Arizona Daily Wildcat
photo by Susan Degan
(From left) Rosanne Couston, Gary Tarrentts, Monica Kester, Christian Armstrong, Kristina Rigers and Dean Hepker stand in front of the window pane in The Words Upon the Windowpane, one of many Irish plays now being presented by Live Theatre Workshop.
Until the end of the 19th century, Ireland had no national theater. There had been performances in Ireland and even Irish playwrights, but no characteristic Irish national drama.
So in 1899 W.B. Yeats and Lady Augusta Gregory pitched in to establish the Irish Literary Theatre. There, plays were performed that built on Irish and Celtic folkloric tradition.
The playhouse closed for lack of interest in 1901, but Yeats and Lady Gregory tried again with the Abbey Theatre in Dublin. On its opening night, December 27, 1904, it performed Lady Gregory's Spreading the News.
Spreading the News is playing again at the Live Theatre Workshop on Speedway Boulevard. It's one of three one-act plays in performance during this year's annual Festival of Irish Plays, celebrating a rather new tradition of Irish drama.
Lady Gregory's Spreading the News is a peasant drama. The action takes place at a fair where the new town magistrate (Bruce Bieszki) stirs up suspicions among the townfolk. Two friends, Jack Smith (James Wilson) and Bartley Fallon (Cliff Madison) find themselves the subjects of malicious rumors about murder and adultery. The magistrate pins Bartley Fallon to a crime that turns out untrue but may get him killed anyway.

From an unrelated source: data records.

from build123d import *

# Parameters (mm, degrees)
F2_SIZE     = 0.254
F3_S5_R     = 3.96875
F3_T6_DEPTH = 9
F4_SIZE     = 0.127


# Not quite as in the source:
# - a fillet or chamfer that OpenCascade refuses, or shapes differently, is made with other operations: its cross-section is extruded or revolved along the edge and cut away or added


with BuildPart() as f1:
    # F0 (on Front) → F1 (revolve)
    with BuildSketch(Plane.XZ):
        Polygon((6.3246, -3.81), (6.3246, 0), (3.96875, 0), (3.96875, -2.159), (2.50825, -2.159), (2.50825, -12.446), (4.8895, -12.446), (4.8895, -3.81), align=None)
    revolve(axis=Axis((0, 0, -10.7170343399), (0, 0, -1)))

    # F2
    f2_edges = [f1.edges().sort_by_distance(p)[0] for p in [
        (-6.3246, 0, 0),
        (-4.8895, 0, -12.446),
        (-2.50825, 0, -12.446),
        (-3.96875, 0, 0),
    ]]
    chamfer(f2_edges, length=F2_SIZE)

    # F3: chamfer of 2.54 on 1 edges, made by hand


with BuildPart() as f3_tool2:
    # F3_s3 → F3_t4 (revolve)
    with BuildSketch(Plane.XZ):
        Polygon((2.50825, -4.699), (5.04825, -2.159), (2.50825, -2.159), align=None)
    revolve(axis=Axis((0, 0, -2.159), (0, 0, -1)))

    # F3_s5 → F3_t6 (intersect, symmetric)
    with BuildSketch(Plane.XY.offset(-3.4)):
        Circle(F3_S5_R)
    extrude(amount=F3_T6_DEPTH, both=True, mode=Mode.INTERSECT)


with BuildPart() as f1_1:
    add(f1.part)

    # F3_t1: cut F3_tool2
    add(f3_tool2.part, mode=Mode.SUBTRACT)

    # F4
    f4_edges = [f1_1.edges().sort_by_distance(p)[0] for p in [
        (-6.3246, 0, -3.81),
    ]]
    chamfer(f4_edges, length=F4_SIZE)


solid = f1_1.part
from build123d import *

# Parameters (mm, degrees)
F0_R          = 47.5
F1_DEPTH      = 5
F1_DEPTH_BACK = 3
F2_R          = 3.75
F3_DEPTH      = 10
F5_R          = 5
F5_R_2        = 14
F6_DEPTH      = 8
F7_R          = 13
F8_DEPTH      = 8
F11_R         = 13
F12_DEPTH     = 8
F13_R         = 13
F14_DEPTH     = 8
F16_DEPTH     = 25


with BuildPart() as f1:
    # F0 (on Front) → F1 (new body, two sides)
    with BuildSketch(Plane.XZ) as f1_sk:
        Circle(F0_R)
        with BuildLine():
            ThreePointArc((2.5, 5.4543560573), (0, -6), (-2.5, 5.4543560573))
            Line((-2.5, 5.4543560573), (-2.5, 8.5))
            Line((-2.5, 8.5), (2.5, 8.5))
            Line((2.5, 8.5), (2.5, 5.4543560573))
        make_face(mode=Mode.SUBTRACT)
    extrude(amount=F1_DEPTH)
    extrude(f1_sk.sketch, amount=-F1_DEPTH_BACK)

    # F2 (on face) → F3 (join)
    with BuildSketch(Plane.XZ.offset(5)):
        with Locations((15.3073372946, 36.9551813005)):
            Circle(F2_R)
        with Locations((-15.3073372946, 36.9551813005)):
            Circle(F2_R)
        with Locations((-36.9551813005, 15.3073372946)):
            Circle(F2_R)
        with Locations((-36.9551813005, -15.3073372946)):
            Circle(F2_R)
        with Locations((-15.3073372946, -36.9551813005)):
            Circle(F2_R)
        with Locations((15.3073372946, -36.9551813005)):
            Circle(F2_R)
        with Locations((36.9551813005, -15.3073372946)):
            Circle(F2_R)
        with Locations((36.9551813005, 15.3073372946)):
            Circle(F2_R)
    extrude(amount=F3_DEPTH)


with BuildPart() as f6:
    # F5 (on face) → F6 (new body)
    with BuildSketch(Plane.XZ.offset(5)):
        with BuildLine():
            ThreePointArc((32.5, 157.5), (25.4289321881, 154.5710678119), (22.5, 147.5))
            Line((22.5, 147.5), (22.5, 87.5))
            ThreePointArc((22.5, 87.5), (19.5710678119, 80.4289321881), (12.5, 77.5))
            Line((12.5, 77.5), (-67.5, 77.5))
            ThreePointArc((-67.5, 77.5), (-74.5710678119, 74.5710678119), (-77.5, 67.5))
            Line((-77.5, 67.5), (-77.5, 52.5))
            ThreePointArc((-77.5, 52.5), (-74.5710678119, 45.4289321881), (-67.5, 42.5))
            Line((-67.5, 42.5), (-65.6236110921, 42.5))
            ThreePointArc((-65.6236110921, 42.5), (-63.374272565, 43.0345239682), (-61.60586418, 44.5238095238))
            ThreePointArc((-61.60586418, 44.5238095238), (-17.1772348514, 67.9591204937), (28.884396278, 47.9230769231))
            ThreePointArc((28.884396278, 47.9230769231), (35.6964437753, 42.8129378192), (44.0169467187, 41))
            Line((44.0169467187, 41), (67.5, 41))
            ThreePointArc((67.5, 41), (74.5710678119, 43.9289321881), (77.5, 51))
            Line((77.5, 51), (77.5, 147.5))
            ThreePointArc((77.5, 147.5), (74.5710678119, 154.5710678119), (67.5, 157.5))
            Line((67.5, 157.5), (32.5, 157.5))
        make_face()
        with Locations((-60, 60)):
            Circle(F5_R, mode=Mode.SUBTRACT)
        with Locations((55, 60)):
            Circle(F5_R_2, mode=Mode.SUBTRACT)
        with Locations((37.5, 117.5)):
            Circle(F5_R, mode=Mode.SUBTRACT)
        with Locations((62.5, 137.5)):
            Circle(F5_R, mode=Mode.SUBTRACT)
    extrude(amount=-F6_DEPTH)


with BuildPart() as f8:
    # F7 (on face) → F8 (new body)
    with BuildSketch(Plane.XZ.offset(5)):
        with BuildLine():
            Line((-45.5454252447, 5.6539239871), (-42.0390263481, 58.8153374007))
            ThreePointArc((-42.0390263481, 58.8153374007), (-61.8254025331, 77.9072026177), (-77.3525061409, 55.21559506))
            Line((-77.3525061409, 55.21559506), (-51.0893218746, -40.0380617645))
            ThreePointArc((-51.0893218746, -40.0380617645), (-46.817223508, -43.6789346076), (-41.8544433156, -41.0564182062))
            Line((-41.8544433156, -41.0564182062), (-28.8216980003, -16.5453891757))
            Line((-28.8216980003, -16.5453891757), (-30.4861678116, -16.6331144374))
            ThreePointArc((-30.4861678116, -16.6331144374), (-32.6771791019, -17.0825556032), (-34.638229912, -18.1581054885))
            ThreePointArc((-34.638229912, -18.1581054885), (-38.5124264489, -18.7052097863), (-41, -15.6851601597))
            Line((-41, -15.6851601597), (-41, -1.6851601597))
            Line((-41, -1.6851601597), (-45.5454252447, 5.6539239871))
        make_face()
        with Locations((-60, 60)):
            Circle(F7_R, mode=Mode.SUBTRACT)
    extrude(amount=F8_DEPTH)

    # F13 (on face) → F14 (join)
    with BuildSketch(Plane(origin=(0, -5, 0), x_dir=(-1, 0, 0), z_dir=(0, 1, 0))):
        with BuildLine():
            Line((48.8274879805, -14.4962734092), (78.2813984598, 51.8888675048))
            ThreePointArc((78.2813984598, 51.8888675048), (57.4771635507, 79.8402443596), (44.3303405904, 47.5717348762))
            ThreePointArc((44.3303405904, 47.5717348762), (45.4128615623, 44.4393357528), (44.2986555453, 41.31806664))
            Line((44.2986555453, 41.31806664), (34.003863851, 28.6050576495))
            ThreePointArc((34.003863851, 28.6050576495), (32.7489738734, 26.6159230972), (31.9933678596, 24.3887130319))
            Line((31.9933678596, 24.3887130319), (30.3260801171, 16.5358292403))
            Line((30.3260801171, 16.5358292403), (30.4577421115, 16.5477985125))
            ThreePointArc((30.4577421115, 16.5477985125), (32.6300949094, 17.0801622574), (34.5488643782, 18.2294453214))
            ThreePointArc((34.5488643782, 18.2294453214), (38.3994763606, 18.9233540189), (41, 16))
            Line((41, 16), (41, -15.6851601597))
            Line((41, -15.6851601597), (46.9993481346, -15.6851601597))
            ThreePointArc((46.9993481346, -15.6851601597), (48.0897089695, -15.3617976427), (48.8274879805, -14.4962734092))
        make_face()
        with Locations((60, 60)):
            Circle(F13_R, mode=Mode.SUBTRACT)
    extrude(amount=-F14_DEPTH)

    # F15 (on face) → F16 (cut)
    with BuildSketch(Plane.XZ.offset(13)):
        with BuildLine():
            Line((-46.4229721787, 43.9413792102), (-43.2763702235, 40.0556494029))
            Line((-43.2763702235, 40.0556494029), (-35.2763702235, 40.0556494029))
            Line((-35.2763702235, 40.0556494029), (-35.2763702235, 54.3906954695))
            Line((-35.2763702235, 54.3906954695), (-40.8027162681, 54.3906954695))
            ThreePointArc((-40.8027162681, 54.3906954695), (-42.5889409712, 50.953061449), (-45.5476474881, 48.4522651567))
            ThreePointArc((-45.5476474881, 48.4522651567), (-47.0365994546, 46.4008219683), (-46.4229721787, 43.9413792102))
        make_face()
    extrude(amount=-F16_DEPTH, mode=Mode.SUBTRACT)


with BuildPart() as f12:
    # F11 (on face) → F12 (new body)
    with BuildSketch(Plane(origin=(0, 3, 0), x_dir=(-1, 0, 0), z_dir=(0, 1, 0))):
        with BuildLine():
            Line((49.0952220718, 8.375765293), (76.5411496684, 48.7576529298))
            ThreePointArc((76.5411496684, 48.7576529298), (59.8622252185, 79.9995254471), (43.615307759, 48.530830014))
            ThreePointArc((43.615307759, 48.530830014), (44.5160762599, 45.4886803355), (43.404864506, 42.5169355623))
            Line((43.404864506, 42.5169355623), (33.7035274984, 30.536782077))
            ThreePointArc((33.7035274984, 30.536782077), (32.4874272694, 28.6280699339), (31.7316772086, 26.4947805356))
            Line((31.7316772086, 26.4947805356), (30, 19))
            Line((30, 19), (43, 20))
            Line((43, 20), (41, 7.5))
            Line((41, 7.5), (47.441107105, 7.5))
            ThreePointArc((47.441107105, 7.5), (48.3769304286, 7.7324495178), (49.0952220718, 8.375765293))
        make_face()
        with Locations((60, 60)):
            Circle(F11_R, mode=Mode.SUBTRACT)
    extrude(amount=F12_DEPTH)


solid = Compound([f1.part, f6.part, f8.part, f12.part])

The acting competes with "Family Matters's" Urkel for being so overdone and the lines are spoken as if for the grand prize of "America's Funniest Home Videos" instead of to convey important plot details. But Lady Gregory's script invites a certain whimsy upon which the LTW production simply elaborates. If you like Urkel, this production is for you.
Yeats' spiritual play, The Words Upon the Window-pane was first performed at the Abbey Theatre in Dublin in 1930. He wrote it while staying in Lady Gregory's house, and it is dedicated to her. It followed a long investigation Yeats made into the lives of Jonathan Swift (author of Gulliver's Travels) and Swift's wife Stella. The play is about a seance wherein the spirits of Swift and Stella communicate to each other through Mrs. Henderson (Monica Kester), a "trance medium."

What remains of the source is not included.